» **ASSIGNED TASK**: Check each line of the entries below for the word "CIRCLE", and copy the lines that have it.

» **EXTRACTED MATERIAL**:
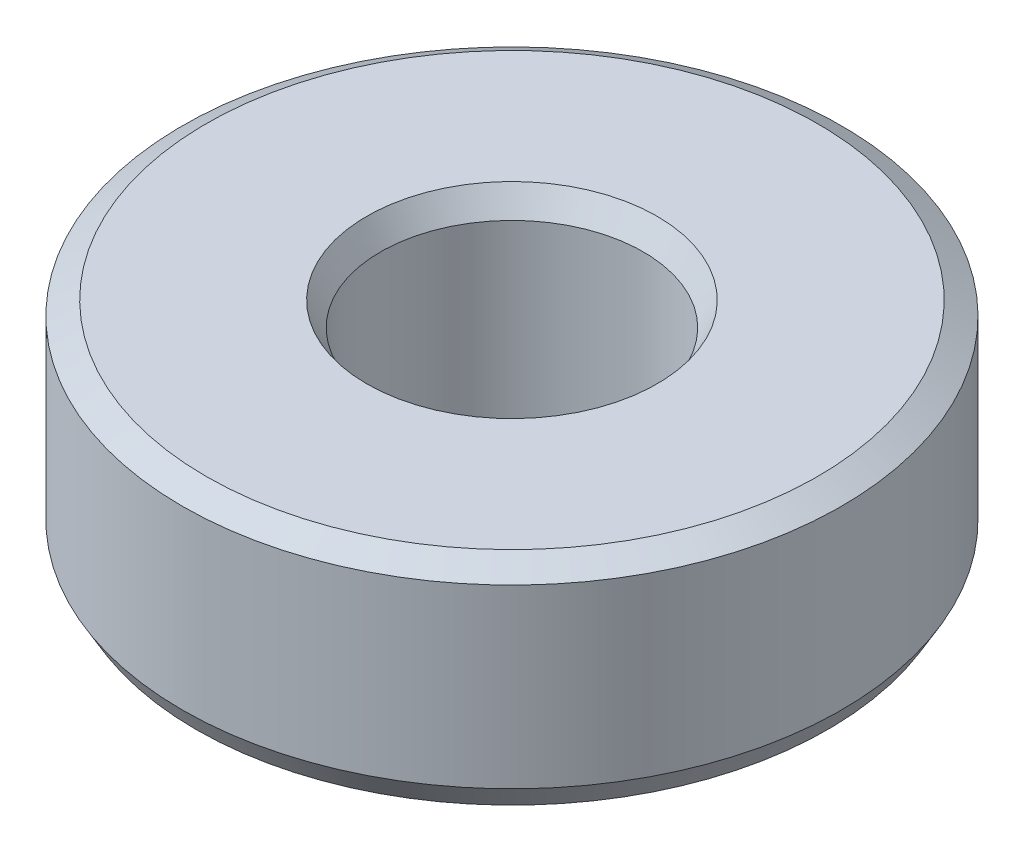
ISO-10303-21;
HEADER;
FILE_DESCRIPTION(('STEP AP214'),'2;1');
FILE_NAME('part.step','',(''),(''),'','','');
FILE_SCHEMA(('AUTOMOTIVE_DESIGN { 1 0 10303 214 1 1 1 1 }'));
ENDSEC;
DATA;
#1=APPLICATION_CONTEXT('core data for automotive mechanical design processes');
#2=APPLICATION_PROTOCOL_DEFINITION('international standard','automotive_design',2000,#1);
#3=PRODUCT_CONTEXT('',#1,'mechanical');
#4=PRODUCT('Part','Part','',(#3));
#5=PRODUCT_RELATED_PRODUCT_CATEGORY('part','',(#4));
#6=PRODUCT_DEFINITION_FORMATION('','',#4);
#7=PRODUCT_DEFINITION_CONTEXT('part definition',#1,'design');
#8=PRODUCT_DEFINITION('design','',#6,#7);
#9=PRODUCT_DEFINITION_SHAPE('','',#8);
#10=(LENGTH_UNIT() NAMED_UNIT(*) SI_UNIT(.MILLI.,.METRE.));
#11=(NAMED_UNIT(*) PLANE_ANGLE_UNIT() SI_UNIT($,.RADIAN.));
#12=(NAMED_UNIT(*) SI_UNIT($,.STERADIAN.) SOLID_ANGLE_UNIT());
#13=UNCERTAINTY_MEASURE_WITH_UNIT(LENGTH_MEASURE(1.E-05),#10,'distance_accuracy_value','');
#14=(GEOMETRIC_REPRESENTATION_CONTEXT(3) GLOBAL_UNCERTAINTY_ASSIGNED_CONTEXT((#13)) GLOBAL_UNIT_ASSIGNED_CONTEXT((#10,
#11,#12)) REPRESENTATION_CONTEXT('',''));
#15=CARTESIAN_POINT('',(0.,0.,0.));
#16=DIRECTION('',(0.,0.,1.));
#17=DIRECTION('',(1.,0.,0.));
#18=AXIS2_PLACEMENT_3D('',#15,#16,#17);
#19=CARTESIAN_POINT('',(0.,24.3680913030091,0.));
#20=DIRECTION('',(0.,-1.,0.));
#21=DIRECTION('',(0.,0.,-1.));
#22=AXIS2_PLACEMENT_3D('',#19,#20,#21);
#23=CYLINDRICAL_SURFACE('',#22,37.5);
#24=CARTESIAN_POINT('',(0.,2.72064412836519,0.));
#25=DIRECTION('',(0.,1.,0.));
#26=DIRECTION('',(0.,0.,1.));
#27=AXIS2_PLACEMENT_3D('',#24,#25,#26);
#28=CIRCLE('',#27,37.5);
#29=CARTESIAN_POINT('',(0.,2.72064412836519,37.5));
#30=VERTEX_POINT('',#29);
#31=EDGE_CURVE('E10',#30,#30,#28,.T.);
#32=ORIENTED_EDGE('',*,*,#31,.T.);
#33=EDGE_LOOP('',(#32));
#34=FACE_BOUND('',#33,.T.);
#35=CARTESIAN_POINT('',(0.,22.7973266831282,0.));
#36=DIRECTION('',(0.,1.,0.));
#37=DIRECTION('',(0.,0.,1.));
#38=AXIS2_PLACEMENT_3D('',#35,#36,#37);
#39=CIRCLE('',#38,37.5);
#40=CARTESIAN_POINT('',(0.,22.7973266831282,37.5));
#41=VERTEX_POINT('',#40);
#42=EDGE_CURVE('E50',#41,#41,#39,.F.);
#43=ORIENTED_EDGE('',*,*,#42,.T.);
#44=EDGE_LOOP('',(#43));
#45=FACE_BOUND('',#44,.T.);
#46=ADVANCED_FACE('F39',(#34,#45),#23,.T.);
#47=CARTESIAN_POINT('',(0.,24.3680913030091,0.));
#48=DIRECTION('',(0.,1.,0.));
#49=DIRECTION('',(0.,0.,1.));
#50=AXIS2_PLACEMENT_3D('',#47,#48,#49);
#51=PLANE('',#50);
#52=CARTESIAN_POINT('',(0.,24.3680913030091,0.));
#53=DIRECTION('',(0.,1.,0.));
#54=DIRECTION('',(0.,0.,1.));
#55=AXIS2_PLACEMENT_3D('',#52,#53,#54);
#56=CIRCLE('',#55,16.5214829955565);
#57=CARTESIAN_POINT('',(0.,24.3680913030091,16.5214829955565));
#58=VERTEX_POINT('',#57);
#59=EDGE_CURVE('E58',#58,#58,#56,.F.);
#60=ORIENTED_EDGE('',*,*,#59,.T.);
#61=EDGE_LOOP('',(#60));
#62=FACE_BOUND('',#61,.T.);
#63=CARTESIAN_POINT('',(0.,24.3680913030091,0.));
#64=DIRECTION('',(0.,1.,0.));
#65=DIRECTION('',(0.,0.,1.));
#66=AXIS2_PLACEMENT_3D('',#63,#64,#65);
#67=CIRCLE('',#66,34.7793558716348);
#68=CARTESIAN_POINT('',(0.,24.3680913030091,34.7793558716348));
#69=VERTEX_POINT('',#68);
#70=EDGE_CURVE('E61',#69,#69,#67,.T.);
#71=ORIENTED_EDGE('',*,*,#70,.T.);
#72=EDGE_LOOP('',(#71));
#73=FACE_BOUND('',#72,.T.);
#74=ADVANCED_FACE('F88',(#62,#73),#51,.T.);
#75=CARTESIAN_POINT('',(0.,0.,0.));
#76=DIRECTION('',(0.,1.,0.));
#77=DIRECTION('',(0.,0.,1.));
#78=AXIS2_PLACEMENT_3D('',#75,#76,#77);
#79=PLANE('',#78);
#80=CARTESIAN_POINT('',(0.,0.,0.));
#81=DIRECTION('',(0.,1.,0.));
#82=DIRECTION('',(0.,0.,1.));
#83=AXIS2_PLACEMENT_3D('',#80,#81,#82);
#84=CIRCLE('',#83,17.6713625040409);
#85=CARTESIAN_POINT('',(0.,0.,17.6713625040409));
#86=VERTEX_POINT('',#85);
#87=EDGE_CURVE('E51',#86,#86,#84,.T.);
#88=ORIENTED_EDGE('',*,*,#87,.T.);
#89=EDGE_LOOP('',(#88));
#90=FACE_BOUND('',#89,.T.);
#91=CARTESIAN_POINT('',(0.,0.,0.));
#92=DIRECTION('',(0.,1.,0.));
#93=DIRECTION('',(0.,0.,1.));
#94=AXIS2_PLACEMENT_3D('',#91,#92,#93);
#95=CIRCLE('',#94,35.9292353801192);
#96=CARTESIAN_POINT('',(0.,0.,35.9292353801192));
#97=VERTEX_POINT('',#96);
#98=EDGE_CURVE('E54',#97,#97,#95,.F.);
#99=ORIENTED_EDGE('',*,*,#98,.T.);
#100=EDGE_LOOP('',(#99));
#101=FACE_BOUND('',#100,.T.);
#102=ADVANCED_FACE('F83',(#90,#101),#79,.F.);
#103=CARTESIAN_POINT('',(0.,24.3680913030091,0.));
#104=DIRECTION('',(0.,-1.,0.));
#105=DIRECTION('',(0.,0.,-1.));
#106=AXIS2_PLACEMENT_3D('',#103,#104,#105);
#107=CYLINDRICAL_SURFACE('',#106,14.9507183756757);
#108=CARTESIAN_POINT('',(0.,21.6474471746439,0.));
#109=DIRECTION('',(0.,1.,0.));
#110=DIRECTION('',(0.,0.,1.));
#111=AXIS2_PLACEMENT_3D('',#108,#109,#110);
#112=CIRCLE('',#111,14.9507183756757);
#113=CARTESIAN_POINT('',(0.,21.6474471746439,14.9507183756757));
#114=VERTEX_POINT('',#113);
#115=EDGE_CURVE('E67',#114,#114,#112,.T.);
#116=ORIENTED_EDGE('',*,*,#115,.T.);
#117=EDGE_LOOP('',(#116));
#118=FACE_BOUND('',#117,.T.);
#119=CARTESIAN_POINT('',(0.,1.57076461988083,0.));
#120=DIRECTION('',(0.,1.,0.));
#121=DIRECTION('',(0.,0.,1.));
#122=AXIS2_PLACEMENT_3D('',#119,#120,#121);
#123=CIRCLE('',#122,14.9507183756757);
#124=CARTESIAN_POINT('',(0.,1.57076461988083,14.9507183756757));
#125=VERTEX_POINT('',#124);
#126=EDGE_CURVE('E69',#125,#125,#123,.F.);
#127=ORIENTED_EDGE('',*,*,#126,.T.);
#128=EDGE_LOOP('',(#127));
#129=FACE_BOUND('',#128,.T.);
#130=ADVANCED_FACE('F71',(#118,#129),#107,.F.);
#131=CARTESIAN_POINT('',(0.,21.6474471746439,0.));
#132=DIRECTION('',(0.,1.,0.));
#133=DIRECTION('',(0.,0.,1.));
#134=AXIS2_PLACEMENT_3D('',#131,#132,#133);
#135=CONICAL_SURFACE('',#134,14.9507183756757,0.523598775598304);
#136=CARTESIAN_POINT('',(0.,24.3680913030091,16.5214829955565));
#137=CARTESIAN_POINT('',(0.,24.3397512600053,16.5051208640994));
#138=CARTESIAN_POINT('',(0.,24.3114112170015,16.4887587326423));
#139=CARTESIAN_POINT('',(0.,24.2547311309939,16.4560344697282));
#140=CARTESIAN_POINT('',(0.,24.22639108799,16.4396723382711));
#141=CARTESIAN_POINT('',(0.,24.1697110019824,16.4069480753569));
#142=CARTESIAN_POINT('',(0.,24.1413709589786,16.3905859438998));
#143=CARTESIAN_POINT('',(0.,24.084690872971,16.3578616809856));
#144=CARTESIAN_POINT('',(0.,24.0563508299672,16.3414995495285));
#145=CARTESIAN_POINT('',(0.,23.9996707439596,16.3087752866143));
#146=CARTESIAN_POINT('',(0.,23.9713307009558,16.2924131551572));
#147=CARTESIAN_POINT('',(0.,23.9146506149482,16.259688892243));
#148=CARTESIAN_POINT('',(0.,23.8863105719444,16.243326760786));
#149=CARTESIAN_POINT('',(0.,23.8296304859368,16.2106024978718));
#150=CARTESIAN_POINT('',(0.,23.801290442933,16.1942403664147));
#151=CARTESIAN_POINT('',(0.,23.7446103569254,16.1615161035005));
#152=CARTESIAN_POINT('',(0.,23.7162703139216,16.1451539720434));
#153=CARTESIAN_POINT('',(0.,23.659590227914,16.1124297091292));
#154=CARTESIAN_POINT('',(0.,23.6312501849102,16.0960675776721));
#155=CARTESIAN_POINT('',(0.,23.5745700989025,16.0633433147579));
#156=CARTESIAN_POINT('',(0.,23.5462300558987,16.0469811833009));
#157=CARTESIAN_POINT('',(0.,23.4895499698911,16.0142569203867));
#158=CARTESIAN_POINT('',(0.,23.4612099268873,15.9978947889296));
#159=CARTESIAN_POINT('',(0.,23.4045298408797,15.9651705260154));
#160=CARTESIAN_POINT('',(0.,23.3761897978759,15.9488083945583));
#161=CARTESIAN_POINT('',(0.,23.3195097118683,15.9160841316441));
#162=CARTESIAN_POINT('',(0.,23.2911696688645,15.899722000187));
#163=CARTESIAN_POINT('',(0.,23.2344895828569,15.8669977372728));
#164=CARTESIAN_POINT('',(0.,23.2061495398531,15.8506356058157));
#165=CARTESIAN_POINT('',(0.,23.1494694538455,15.8179113429016));
#166=CARTESIAN_POINT('',(0.,23.1211294108417,15.8015492114445));
#167=CARTESIAN_POINT('',(0.,23.0644493248341,15.7688249485303));
#168=CARTESIAN_POINT('',(0.,23.0361092818303,15.7524628170732));
#169=CARTESIAN_POINT('',(0.,22.9794291958227,15.719738554159));
#170=CARTESIAN_POINT('',(0.,22.9510891528189,15.7033764227019));
#171=CARTESIAN_POINT('',(0.,22.8944090668113,15.6706521597877));
#172=CARTESIAN_POINT('',(0.,22.8660690238074,15.6542900283306));
#173=CARTESIAN_POINT('',(0.,22.8093889377998,15.6215657654165));
#174=CARTESIAN_POINT('',(0.,22.781048894796,15.6052036339594));
#175=CARTESIAN_POINT('',(0.,22.7243688087884,15.5724793710452));
#176=CARTESIAN_POINT('',(0.,22.6960287657846,15.5561172395881));
#177=CARTESIAN_POINT('',(0.,22.639348679777,15.5233929766739));
#178=CARTESIAN_POINT('',(0.,22.6110086367732,15.5070308452168));
#179=CARTESIAN_POINT('',(0.,22.5543285507656,15.4743065823026));
#180=CARTESIAN_POINT('',(0.,22.5259885077618,15.4579444508455));
#181=CARTESIAN_POINT('',(0.,22.4693084217542,15.4252201879314));
#182=CARTESIAN_POINT('',(0.,22.4409683787504,15.4088580564743));
#183=CARTESIAN_POINT('',(0.,22.3842882927428,15.3761337935601));
#184=CARTESIAN_POINT('',(0.,22.355948249739,15.359771662103));
#185=CARTESIAN_POINT('',(0.,22.2992681637314,15.3270473991888));
#186=CARTESIAN_POINT('',(0.,22.2709281207276,15.3106852677317));
#187=CARTESIAN_POINT('',(0.,22.21424803472,15.2779610048175));
#188=CARTESIAN_POINT('',(0.,22.1859079917161,15.2615988733604));
#189=CARTESIAN_POINT('',(0.,22.1292279057085,15.2288746104462));
#190=CARTESIAN_POINT('',(0.,22.1008878627047,15.2125124789892));
#191=CARTESIAN_POINT('',(0.,22.0442077766971,15.179788216075));
#192=CARTESIAN_POINT('',(0.,22.0158677336933,15.1634260846179));
#193=CARTESIAN_POINT('',(0.,21.9591876476857,15.1307018217037));
#194=CARTESIAN_POINT('',(0.,21.9308476046819,15.1143396902466));
#195=CARTESIAN_POINT('',(0.,21.8741675186743,15.0816154273324));
#196=CARTESIAN_POINT('',(0.,21.8458274756705,15.0652532958753));
#197=CARTESIAN_POINT('',(0.,21.7891473896629,15.0325290329611));
#198=CARTESIAN_POINT('',(0.,21.7608073466591,15.0161669015041));
#199=CARTESIAN_POINT('',(0.,21.7041272606515,14.9834426385899));
#200=CARTESIAN_POINT('',(0.,21.6757872176477,14.9670805071328));
#201=CARTESIAN_POINT('',(0.,21.6474471746439,14.9507183756757));
#202=B_SPLINE_CURVE_WITH_KNOTS('',3,(#136,#137,#138,#139,#140,#141,#142,#143,#144,#145,#146,
#147,#148,#149,#150,#151,#152,#153,#154,#155,#156,#157,#158,#159,#160,#161,#162,#163,#164,#165,
#166,#167,#168,#169,#170,#171,#172,#173,#174,#175,#176,#177,#178,#179,#180,#181,#182,#183,#184,
#185,#186,#187,#188,#189,#190,#191,#192,#193,#194,#195,#196,#197,#198,#199,#200,#201),
.UNSPECIFIED.,.F.,.F.,(4,2,2,2,2,2,2,2,2,2,2,2,2,2,2,2,2,2,2,2,2,2,2,2,2,2,2,2,2,2,2,2,4),(0.,
0.0981727887425529,0.196345577485104,0.294518366227657,0.392691154970207,0.49086394371276,
0.589036732455312,0.687209521197865,0.785382309940415,0.883555098682967,0.981727887425517,
1.07990067616807,1.17807346491062,1.27624625365317,1.37441904239572,1.47259183113827,
1.57076461988083,1.66893740862338,1.76711019736593,1.86528298610848,1.96345577485104,
2.06162856359359,2.15980135233614,2.25797414107869,2.35614692982124,2.45431971856379,
2.55249250730635,2.65066529604889,2.74883808479145,2.847010873534,2.94518366227655,
3.0433564510191,3.14152923976165),.UNSPECIFIED.);
#203=EDGE_CURVE('BSEAM77',#58,#114,#202,.T.);
#204=ORIENTED_EDGE('',*,*,#59,.F.);
#205=ORIENTED_EDGE('',*,*,#115,.F.);
#206=ORIENTED_EDGE('',*,*,#203,.T.);
#207=ORIENTED_EDGE('',*,*,#203,.F.);
#208=EDGE_LOOP('',(#204,#206,#205,#207));
#209=FACE_BOUND('',#208,.T.);
#210=ADVANCED_FACE('F77',(#209),#135,.F.);
#211=CARTESIAN_POINT('',(0.,0.,0.));
#212=DIRECTION('',(0.,-1.,0.));
#213=DIRECTION('',(0.,0.,-1.));
#214=AXIS2_PLACEMENT_3D('',#211,#212,#213);
#215=CONICAL_SURFACE('',#214,17.6713625040409,1.0471975511966);
#216=ORIENTED_EDGE('',*,*,#126,.F.);
#217=EDGE_LOOP('',(#216));
#218=FACE_BOUND('',#217,.T.);
#219=ORIENTED_EDGE('',*,*,#87,.F.);
#220=EDGE_LOOP('',(#219));
#221=FACE_BOUND('',#220,.T.);
#222=ADVANCED_FACE('F73',(#218,#221),#215,.F.);
#223=CARTESIAN_POINT('',(0.,2.72064412836519,0.));
#224=DIRECTION('',(0.,1.,0.));
#225=DIRECTION('',(0.,0.,1.));
#226=AXIS2_PLACEMENT_3D('',#223,#224,#225);
#227=CONICAL_SURFACE('',#226,37.5,0.523598775598303);
#228=ORIENTED_EDGE('',*,*,#98,.F.);
#229=EDGE_LOOP('',(#228));
#230=FACE_BOUND('',#229,.T.);
#231=ORIENTED_EDGE('',*,*,#31,.F.);
#232=EDGE_LOOP('',(#231));
#233=FACE_BOUND('',#232,.T.);
#234=ADVANCED_FACE('F76',(#230,#233),#227,.T.);
#235=CARTESIAN_POINT('',(0.,24.3680913030091,0.));
#236=DIRECTION('',(0.,-1.,0.));
#237=DIRECTION('',(0.,0.,-1.));
#238=AXIS2_PLACEMENT_3D('',#235,#236,#237);
#239=CONICAL_SURFACE('',#238,34.7793558716348,1.04719755119659);
#240=ORIENTED_EDGE('',*,*,#42,.F.);
#241=EDGE_LOOP('',(#240));
#242=FACE_BOUND('',#241,.T.);
#243=ORIENTED_EDGE('',*,*,#70,.F.);
#244=EDGE_LOOP('',(#243));
#245=FACE_BOUND('',#244,.T.);
#246=ADVANCED_FACE('F45',(#242,#245),#239,.T.);
#247=CLOSED_SHELL('',(#46,#74,#102,#130,#210,#222,#234,#246));
#248=MANIFOLD_SOLID_BREP('B2',#247);
#249=ADVANCED_BREP_SHAPE_REPRESENTATION('',(#18,#248),#14);
#250=SHAPE_DEFINITION_REPRESENTATION(#9,#249);
ENDSEC;
END-ISO-10303-21;

» **EXERCISE OUTPUT**:
#28=CIRCLE('',#27,37.5);
#39=CIRCLE('',#38,37.5);
#56=CIRCLE('',#55,16.5214829955565);
#67=CIRCLE('',#66,34.7793558716348);
#84=CIRCLE('',#83,17.6713625040409);
#95=CIRCLE('',#94,35.9292353801192);
#112=CIRCLE('',#111,14.9507183756757);
#123=CIRCLE('',#122,14.9507183756757);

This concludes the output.